Shao et al.

Dynamin‐like protein 1 cleavage by calpain in Alzheimer’s disease

Changjuan Shao, Sirui Jiang, Fangqiang Tang, Wenzhang Wang, Xiongwei Zhu

Department of Pathology, Case Western Reserve University School of Medicine, Cleveland, OH

Abnormal mitochondrial dynamics contributes to mitochondrial dysfunction in Alzheimer's disease (AD), yet the underlying mechanism remains elusive. In the current study, we reported that DLP1, the key mitochondrial fission GTPase, is a substrate of calpain which produced specific N‐terminal DLP1 cleavage fragments around 50kDa. In addition, various AD‐related insults such as exposure to glutamate, soluble amyloid‐β oligomers, or reagents inducing tau hyperphosphorylation (i.e., okadaic acid) led to calpain‐dependent cleavage of DLP1 in primary cortical neurons. DLP1 cleavage fragments were found in cortical neurons of CRND8 APP transgenic mice which can be inhibited by calpeptin, a potent small molecule inhibitor of calpain.
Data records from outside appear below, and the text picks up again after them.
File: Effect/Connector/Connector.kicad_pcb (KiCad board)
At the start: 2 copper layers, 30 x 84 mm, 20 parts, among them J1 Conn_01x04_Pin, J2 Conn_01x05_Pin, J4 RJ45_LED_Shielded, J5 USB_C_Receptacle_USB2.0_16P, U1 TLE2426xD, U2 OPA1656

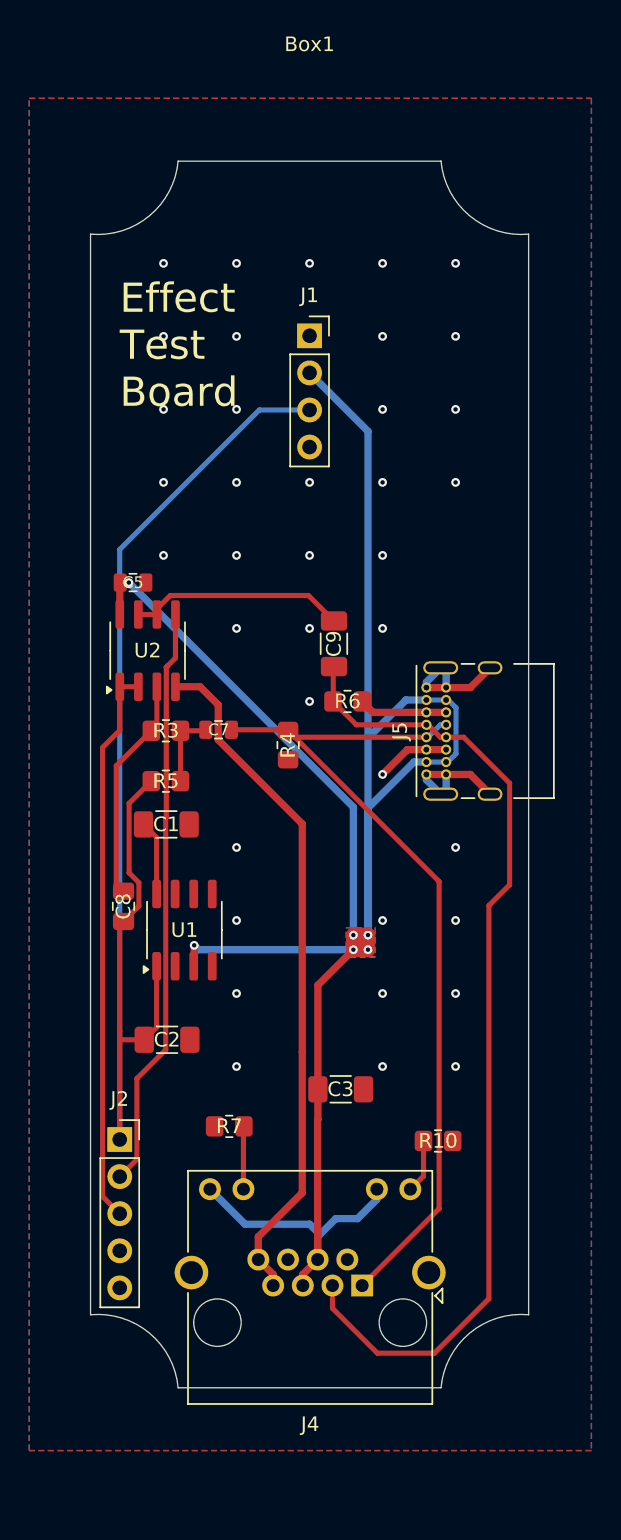
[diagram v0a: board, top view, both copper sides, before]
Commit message: Simplify the connector testing to just a USB-C connector
This is mainly to see what that would look like, particularly for the
base that now becomes really simple and small.

The effect connector ends up being crazy large just because of the old
pin header layout.  But the point of all this is that if it works out,
we'll dispense with the pin headers, and just use the USB-C connector
"natively".

So the effects board is just a temporary thing, and the base board is
where it's at.  If the base board works well, and I can stop soldering
stomp switches, I'll be good.

Signed-off-by: Linus Torvalds <torvalds@linux-foundation.org>
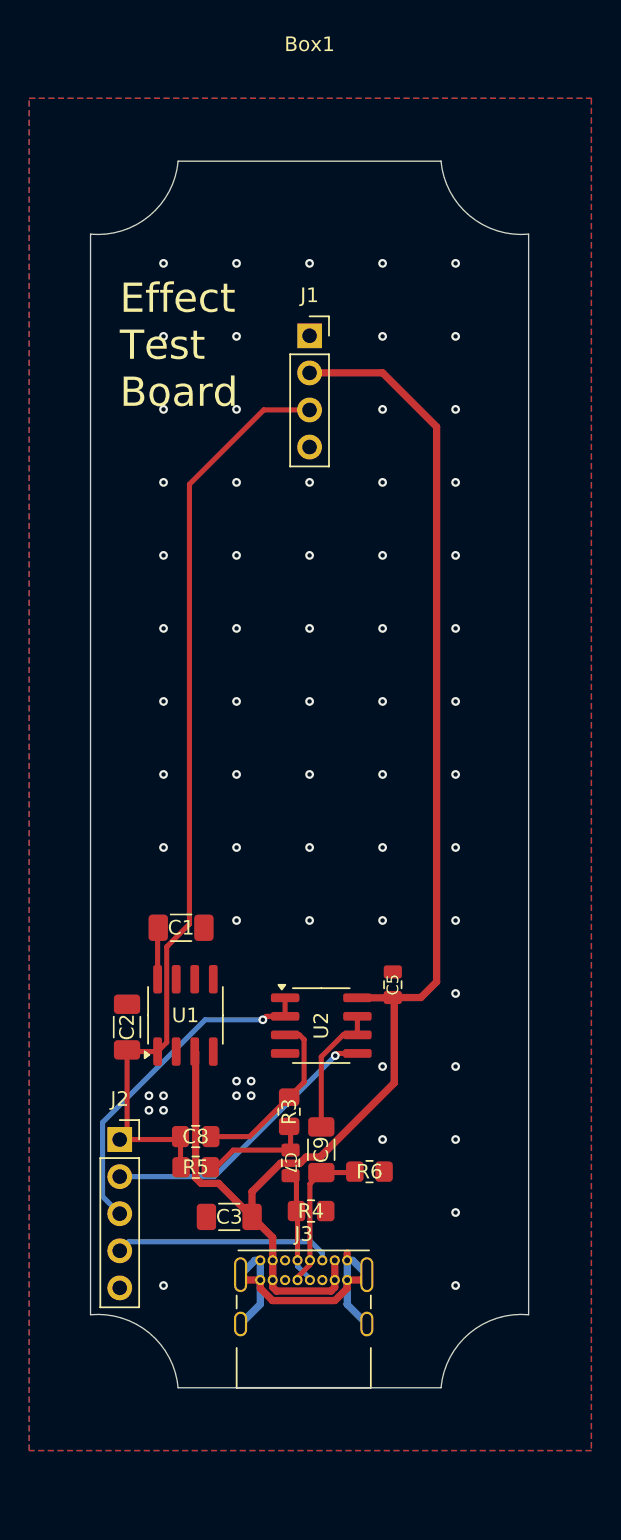
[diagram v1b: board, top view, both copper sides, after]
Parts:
- removed J4: RJ45_LED_Shielded, Connector_RJ:RJ45_Amphenol_RJHSE538X
- removed J5: USB_C_Receptacle_USB2.0_16P, Connector_USB:USB_C_Receptacle_GCT_USB4085
- removed R10, R7: 2.2k, Resistor_SMD:R_0805_2012Metric_Pad1.20x1.40mm_HandSolder
- added J3: USB_C_Receptacle_USB2.0_16P, Connector_USB:USB_C_Receptacle_GCT_USB4085, F.Cu at (96.6, 133.3)
- moved C9 34.7 mm to (100.8, 125.7)
- moved C5 32.8 mm to (105.7, 114.4), turned to 90 degrees
- moved R6 32.2 mm to (104.1, 127.2)
- moved R4 31.9 mm to (100.1, 129.9), turned to 0 degrees
- moved C7 30.1 mm to (98.7, 126.6), turned to 90 degrees
- moved U2 28.3 mm to (100.8, 117.2), turned to 0 degrees
- moved R3 27.4 mm to (98.6, 123.1), turned to 90 degrees
- moved R5 26.5 mm to (92.2, 126.9)
- moved C8 16.5 mm to (92.2, 124.8), turned to 180 degrees
- moved C3 11.6 mm to (94.5, 130.3), turned to 180 degrees
- moved C1 7.15 mm to (91.2, 110.5)
- moved U1 5.84 mm to (91.5, 116.5)
- moved C2 2.87 mm to (87.5, 117.3), turned to 90 degrees
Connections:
- J2 pad 4: GND -> ACTIVE
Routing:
- net OUT^{RAW}: track 67.4 -> 10.4 mm
- net +V: track 157.3 -> 100.6 mm, vias 6 -> 0
- net IN^{RAW}: track 59.7 -> 7.70 mm
- net GND: track 74.7 -> 24.6 mm, vias 38 -> 63
- net GNDREF: track 90.0 -> 64.9 mm
- net OUT^{EFF}: track 40.2 -> 19.8 mm, vias 0 -> 1
- net ACTIVE: track 0.00 -> 14.9 mm
- net IN^{EFF}: track 38.3 -> 23.5 mm, vias 0 -> 1
- net Net-(U2B--): track 14.5 -> 9.17 mm
- net Net-(J4-Pad11): track 4.31 -> 0.00 mm
- net Net-(J4-Pad9): track 3.67 -> 0.00 mm
- net Net-(C7-Pad2): track 5.11 -> 7.65 mm
- net Net-(U2A-+): track 14.8 -> 12.3 mm
- net Net-(U1-NOISE_REDUCTION): track 5.14 -> 3.54 mm
- removed copper zone on B.Cu, net +V
- removed copper zone on F.Cu, net +V

Importantly, these N‐terminal DLP1 fragments were also present in the human brains, and the levels of both full‐length and N‐terminal fragments of DLP1 and the full‐length and calpain‐specific cleavage product of spectrin were significantly reduced in AD brains along with significantly increased calpain. The cleavage of DLP1 by calpain was further analyzed by bioinformatic and mutagenesis studies that demonstrated the cleavage site at DLP1(511-521) in the VD domain by calpain. Synthesized peptides of the sequence flanking the DLP1 cleavage sites could effectively block calpain cleavage in AD models.  Taken together, our study suggests that calpain‐dependent cleavage is at least one of the posttranscriptional mechanisms that contribute to the dysregulation ofmitochondrial dynamics and provide novel target to rescue related mitochondrial dysfunction in AD.